Bapineuzumab

Monoclonal antibody
- Type: Whole antibody
- Source: Humanized (from mouse)
- Target: beta-amyloid (Aβ)

Clinical data
- ATC code: none;

Identifiers
- CAS Number: 648895-38-9;
- ChemSpider: none;
- UNII: NC11WKO35D;
- ECHA InfoCard: 100.133.214

Chemical and physical data
- Formula: C_{6466}H_{10018}N_{1734}O_{2026}S_{44}
- Molar mass: 145874.02 g·mol^{−1}

= Bapineuzumab =

Chemical compound

Bapineuzumab (nicknamed "bapi") is a humanized monoclonal antibody that acts on the nervous system and may have potential therapeutic value for the treatment of Alzheimer's disease and possibly glaucoma. However, in 2012 it failed to produce significant cognitive improvements in patients in two major trials, despite lowering key biomarkers of AD, amyloid brain plaque and hyperphosphorylated tau protein in CSF.

Bapineuzumab has been shown to recognise the extreme N-terminal 5 residues of Aβ peptide in a helical conformation (4HIX.pdb) stabilized by internal hydrogen bonds involving the first three amino acids.

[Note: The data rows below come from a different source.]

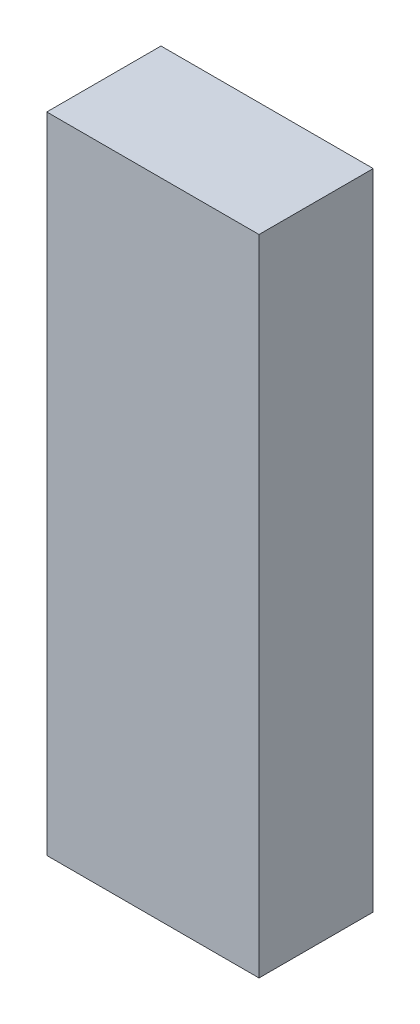
SolidWorks part; units mm, degrees
ref_plane "Front Plane" through (0, 0, 0) normal (0, 0, 1) x (1, 0, 0)
ref_plane "Top Plane" through (0, 0, 0) normal (0, 1, 0) x (1, 0, 0)
ref_plane "Right Plane" through (0, 0, 0) normal (1, 0, 0) x (0, 0, -1)
sketch "Sketch1" plane through (0, 0, 0) normal (0, 1, 0) x (1, 0, 0)
  line L0 (-6.8601, 1.3924) -> (-8.8675, 1.3924)
  line L1 (-8.8675, 1.3924) -> (-8.8675, -8.1513)
  line L2 (-8.8675, -8.1513) -> (8.8675, -8.1513)
  line L3 (0, 0) -> (0, 18.1102) construction
  line L4 (6.8601, 1.3924) -> (8.8675, 1.3924)
  line L5 (8.8675, 1.3924) -> (8.8675, -8.1513)
  arc A0 (-6.8601, 1.3924) -> (6.8601, 1.3924) centre (0, 0) ccw
  point P9 (0, -8.1513)
  dimension "D1" = 14
extrude "Boss-Extrude1" add sketch "Sketch1" along normal blind 51
sketch "Sketch2" plane through (0, 0, 0) normal (0, -1, 0) x (1, 0, 0)
  line L1 (-8.8675, -1.3924) -> (8.8675, -1.3924)
  line L2 (-8.8675, -1.3924) -> (-8.8675, 8.1513)
  line L3 (-8.8675, 8.1513) -> (8.8675, 8.1513)
  line L4 (8.8675, -1.3924) -> (8.8675, 8.1513)
extrude "Boss-Extrude2" add sketch "Sketch2" along normal blind 1.4
extrude "Boss-Extrude3" add sketch "Sketch2<2>" against normal blind 1.4 from surface starting at face at (0, 51, 3.1876)
sketch "Sketch2<2>" plane through (0, 0, 0) normal (0, -1, 0) x (1, 0, 0) same geometry as "Sketch2"
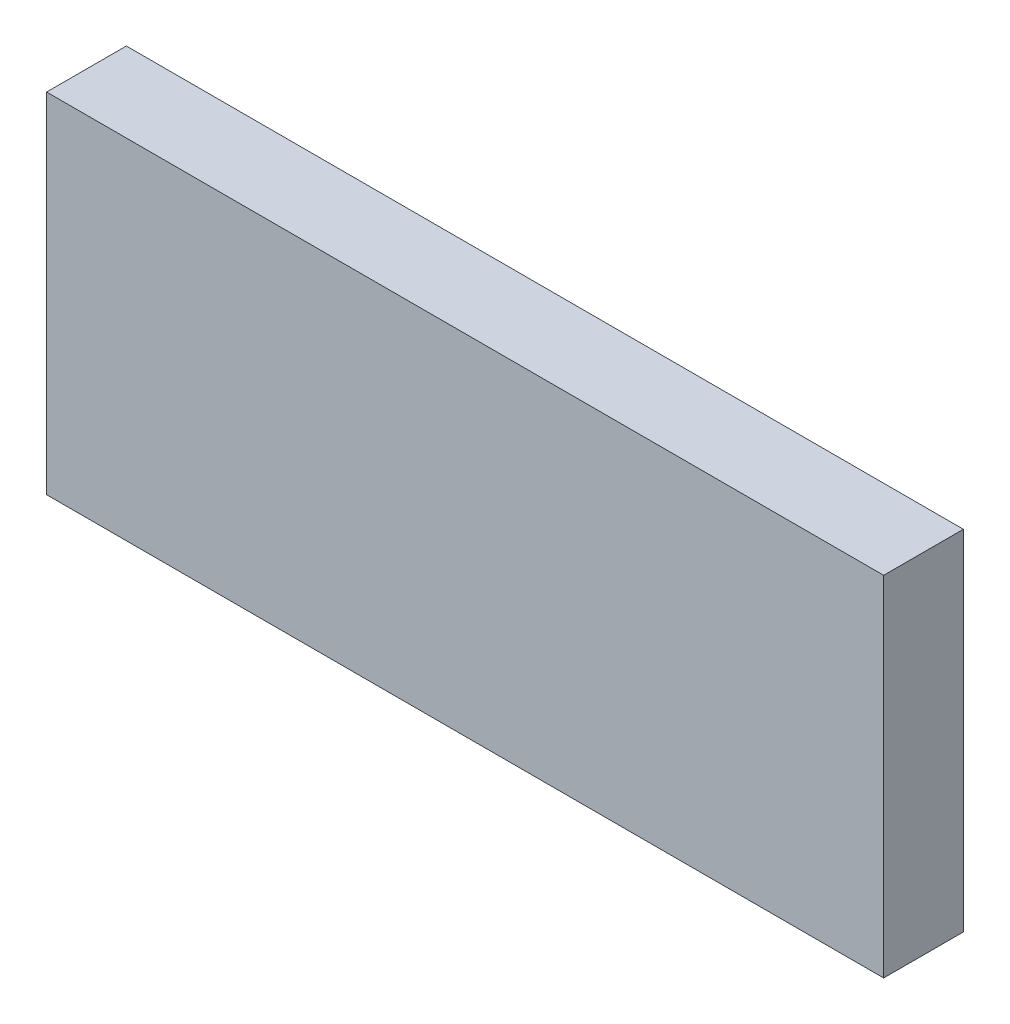
SolidWorks part; units mm, degrees
ref_plane "Front Plane" through (0, 0, 0) normal (0, 0, 1) x (1, 0, 0)
ref_plane "Top Plane" through (0, 0, 0) normal (0, 1, 0) x (1, 0, 0)
ref_plane "Right Plane" through (0, 0, 0) normal (1, 0, 0) x (0, 0, -1)
sketch "Sketch1" plane through (0, 0, 0) normal (0, 0, 1) x (1, 0, 0)
  line L1 (0, 0) -> (168, 0)
  line L2 (0, 0) -> (0, 70)
  line L3 (0, 70) -> (168, 70)
  line L4 (168, 0) -> (168, 70)
  dimension "D1" = 168
  dimension "D2" = 70
extrude "Boss-Extrude1" add sketch "Sketch1" along normal blind 16
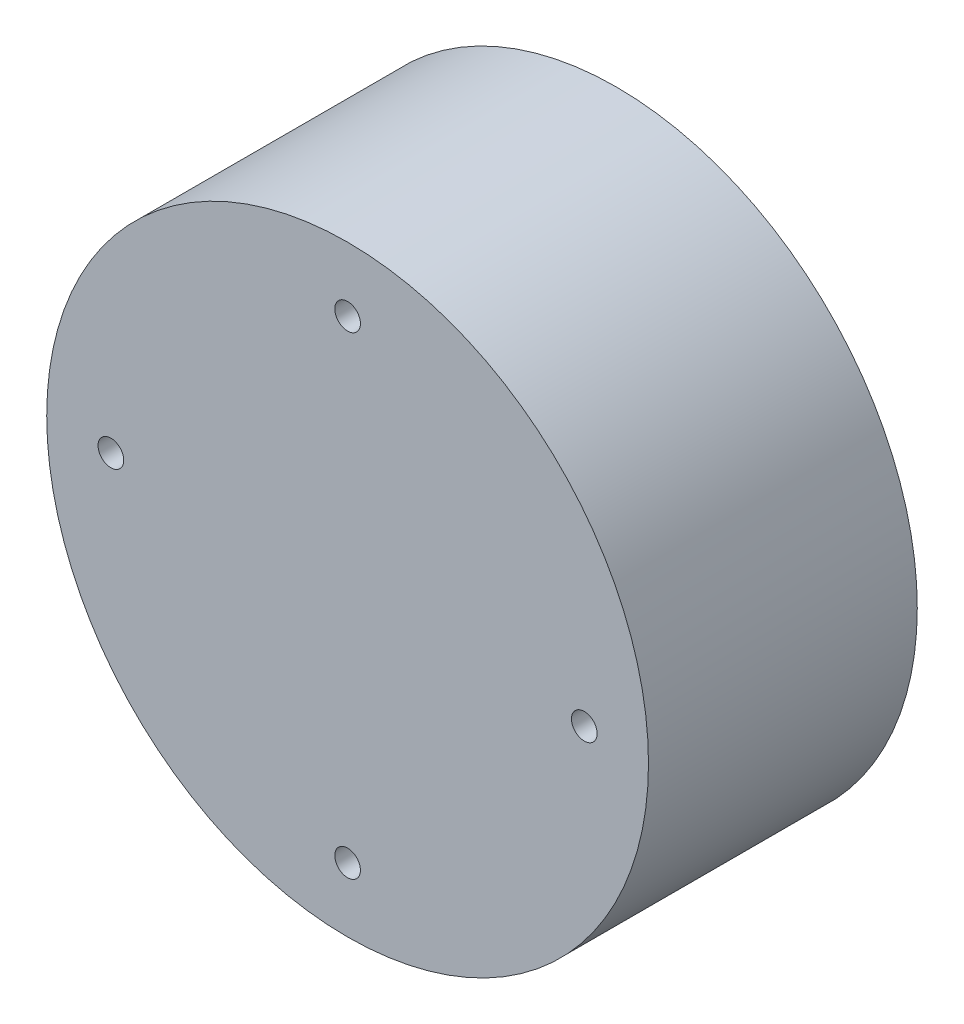
SolidWorks part; units mm, degrees
ref_plane "Plan de face" through (0, 0, 0) normal (0, 0, 1) x (1, 0, 0)
ref_plane "Plan de dessus" through (0, 0, 0) normal (0, 1, 0) x (1, 0, 0)
ref_plane "Plan de droite" through (0, 0, 0) normal (1, 0, 0) x (0, 0, -1)
sketch "Esquisse1" plane through (0, 0, 0) normal (0, 0, 1) x (1, 0, 0)
  circle A0 centre (0, 0) radius 37.5
  dimension "D1" = 75
extrude "Boss.-Extru.1" add sketch "Esquisse1" along normal blind 33.5
sketch "Esquisse2" plane through (0, 0, 33.5) normal (0, 0, 1) x (1, 0, 0)
  line L0 (-37.5, 0) -> (37.5, 0) construction
  line L1 (0, 44.7296) -> (0, -44.9974) construction
  circle A0 centre (0, 0) radius 37.5 construction
  circle A1 centre (0, 29.5) radius 1.6
  circle A2 centre (29.499, 0) radius 1.6
  circle A3 centre (-29.501, 0) radius 1.6
  circle A4 centre (0, -29.5) radius 1.6
  point P2 (0, 0)
  point P5 (0, 0)
  point P18 (-2.5254, -28.4043)
  dimension "D1" = 59
  dimension "D5" = 3.2
  dimension "D6" = 3.2
  dimension "D7" = 3.2
  dimension "D8" = 3.2
  dimension "D2" = 41.72
  dimension "D3" = 41.72
  dimension "D4" = 59
extrude "Enlèv. mat.-Extru.1" cut sketch "Esquisse2" against normal through all
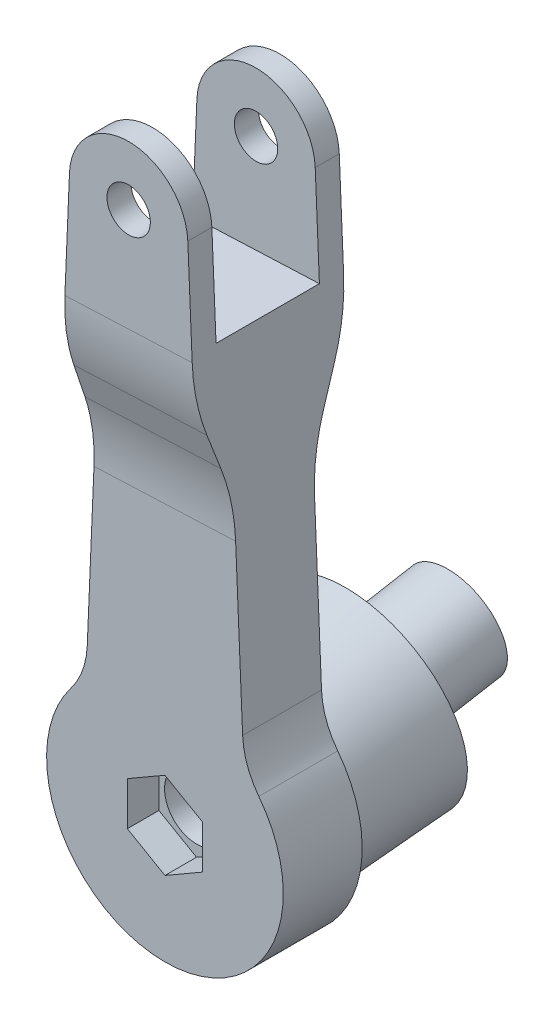
SolidWorks part; units mm, degrees
ref_plane "Front Plane" through (0, 0, 0) normal (0, 0, 1) x (1, 0, 0)
ref_plane "Top Plane" through (0, 0, 0) normal (0, 1, 0) x (1, 0, 0)
ref_plane "Right Plane" through (0, 0, 0) normal (1, 0, 0) x (0, 0, -1)
sketch "Sketch1" plane through (0, 0, 0) normal (0, 0, 1) x (1, 0, 0)
  line L0 (0, 0) -> (0, 69.866) construction
  line L1 (-7.5, 70.1838) -> (-10, 11.1803)
  line L3 (7.5, 70.1838) -> (10, 11.1803)
  arc A6 (-10, 11.1803) -> (10, 11.1803) centre (0, 0) ccw
  circle A7 centre (0, 69.866) radius 2.75
  arc A8 (-7.5, 70.1838) -> (7.5, 70.1838) centre (0, 69.866) cw
  dimension "D1" = 69.866
  dimension "D3" = 30
  dimension "D4" = 5.5
  dimension "D5" = 20
  dimension "D6" = 15
extrude "Boss-Extrude1" add sketch "Sketch1" along normal blind 19.2
sketch "Sketch13" plane through (10.4549, 0.443, 0) normal (0.9991, 0.0423, 0) x (0, 0, -1)
  line L0 (0, 77.3101) -> (-19.2, 77.3101) construction
  line L2 (-16.15, 77.3101) -> (-16.15, 57.3101)
  line L3 (-16.15, 57.3101) -> (-3.05, 57.3101)
  line L4 (-3.05, 77.3101) -> (-3.05, 57.3101)
  line L5 (-16.15, 77.3101) -> (-3.05, 57.3101) construction
  line L6 (-16.15, 57.3101) -> (-3.05, 77.3101) construction
  line L7 (-19.2, 77.3101) -> (-16.15, 77.3101) construction
  line L8 (-19.2, 10.747) -> (-19.2, 69.8034) construction
  line L9 (0, 10.747) -> (0, 69.8034) construction
  line L10 (-19.2, 52.3101) -> (-14.6, 39.6717)
  line L11 (-19.2, 10.747) -> (-19.2, 69.8034) construction
  line L12 (-14.6, 39.6717) -> (-14.6, -15)
  line L13 (-19.2, -15) -> (0, -15) construction
  line L14 (-19.2, 52.3101) -> (-19.2, 77.3101)
  line L15 (-19.2, 77.3101) -> (-16.15, 77.3101)
  line L16 (-9.6, 65.3081) -> (-9.6, -49934.6919) construction
  line L17 (0, 77.3101) -> (-3.05, 77.3101)
  line L18 (0, 52.3101) -> (0, 77.3101)
  line L19 (0, 52.3101) -> (-4.6, 39.6717)
  line L20 (-4.6, 39.6717) -> (-4.6, -15)
  line L21 (-3.05, 77.3101) -> (0, 77.3101) construction
  line L22 (-14.6, -15) -> (-4.6, -15)
  point P4 (-9.6, 67.3101)
  dimension "D1" = 3.05
  dimension "D2" = 20
  dimension "D3" = 160
  dimension "D4" = 5
  dimension "D5" = 10
extrude "Cut-Extrude4" cut sketch "Sketch13" against normal through all both and the other way through all flip side to cut
sketch "Sketch3" plane through (0, 0, 14.6) normal (0, 0, 1) x (1, 0, 0)
  line L1 (0, 5.5) -> (-4.7631, 2.75)
  line L2 (-4.7631, 2.75) -> (-4.7631, -2.75)
  line L3 (-4.7631, -2.75) -> (0, -5.5)
  line L4 (0, -5.5) -> (4.7631, -2.75)
  line L5 (4.7631, -2.75) -> (4.7631, 2.75)
  line L6 (4.7631, 2.75) -> (0, 5.5)
  circle A0 centre (0, 0) radius 4.7631 construction
  dimension "D1" = 9.5263
extrude "Cut-Extrude2" cut sketch "Sketch3" against normal blind 4
sketch "Sketch5" plane through (0, 0, 0) normal (1, 0, 0) x (0, 0, -1)
  line L0 (-5, 0) -> (10.4, 2.7154) construction
  line L1 (0, 52.7062) -> (0, 70.1838) construction
  line L2 (-4.6, 40.0791) -> (-4.6, 11.1803) construction
  line L3 (0, 52.7062) -> (0, 70.1838) construction
  point P13 (10.4, 2.7154)
  dimension "D1" = 10
  dimension "D2" = 5
  dimension "D3" = 15
ref_plane "Plane3" through (0, 2.7154, -10.4) normal (0, 0.1736, -0.9848) x (-1, 0, 0)
sketch "Sketch9" plane through (0, 2.7154, -10.4) normal (0, 0.1736, -0.9848) x (-1, 0, 0)
  circle A0 centre (0, -0.8682) radius 13
  circle A2 centre (0, -0.8682) radius 11 construction
  dimension "D1" = 22
  dimension "D2" = 2
sketch "Sketch4" plane through (0, 0, 10.6) normal (0, 0, 1) x (1, 0, 0)
  circle A0 centre (0, 0) radius 4.05
  dimension "D1" = 8.1
extrude "Cut-Extrude3" cut sketch "Sketch4" against normal blind 20
fillet "Fillet4" radius 10 2 edges at (-10, 11.1803, 9.6) (10, 11.1803, 9.6)
extrude "Boss-Extrude2" add sketch "Sketch9" against normal up to surface (13.0922 mm away) up to face at (0, 4.05, 4.6)
sketch "Sketch10" plane through (0, 1.8604, -10.5508) normal (0, 0.1736, -0.9848) x (-1, 0, 0)
  circle A0 centre (0, 0) radius 6.35
  dimension "D1" = 12.7
extrude "Boss-Extrude3" add sketch "Sketch10" along normal blind 12
draft "Draft1" type of draft neutral plane draft angle 3 faces to draft 1 face at (0, 12.3894, 4.6) neutral plane through (0, 1.8604, -10.5508) neutral plane normal (0, 0.1736, -0.9848) reverse direction yes parameters "D1"=3
fillet "Fillet5" radius 25 4 edges at (-0.0148, 52.3564, 0) (-0.0158, 39.7066, 4.6) (-0.0158, 39.7066, 14.6) (-0.0148, 52.3564, 19.2)
equation "\"Leg_Tilt\"=10"
equation "\"D1@Sketch5\"=\"Leg_Tilt\""

Bapineuzumab is an antibody to the beta-amyloid (Aβ) plaques that are believed to underlie Alzheimer's disease neuropathology. In previous clinical trials for vaccination against human beta amyloid, called AN-1792, patients with Alzheimer's disease using active immunization had positive outcomes with removal of plaques, but 6% of subjects developed aseptic meningitis and the trial was stopped.

== Testing ==
Bapineuzumab was being co-developed by the pharmaceutical companies Élan and Wyeth and entered Phase III trials in December 2007. In 2008 a Johnson & Johnson affiliate acquired a substantial portion of Élan's assets related to the Alzheimer's immunotherapy program, which Elan had shared with Wyeth. The program is continuing with Pfizer, which acquired Wyeth in 2009.

Bapineuzumab was the first antibody to be found to cause amyloid-related imaging abnormalities, including an accumulation of fluid in brain tissue (ARIA-E) in patients receiving the highest dose. No health risks were found in subjects receiving either 0.5 or 1 mg of bapineuzumab. Patients who have been receiving or have been scheduled to receive the highest dose will be either removed from the trials or switched to lower doses.

The efficacy of drugs targeted to brain plaques in Alzheimer's patients has been called into question, although such drugs may still be effective for prophylaxis if given to individuals who have not yet developed clinical symptoms.

On August 6, 2012, Pfizer Inc. and Johnson & Johnson said they are ending development of an intravenous formulation of bapineuzumab. Testing showed the drug did not work better than placebo in two late-stage trials in patients who had mild to moderate Alzheimer's disease.

Élan announced that Johnson & Johnson, on July 16, 2013, had discontinued Phase 2 testing of the subcutaneous formulation of bapineuzumab.

== Insider trading ==
Mathew Martoma, formerly of S.A.C. Capital Advisors, was convicted in February 2014 of insider trading on news passed by neurologist Sid Gilman of the cancellation of bapineuzumab's testing.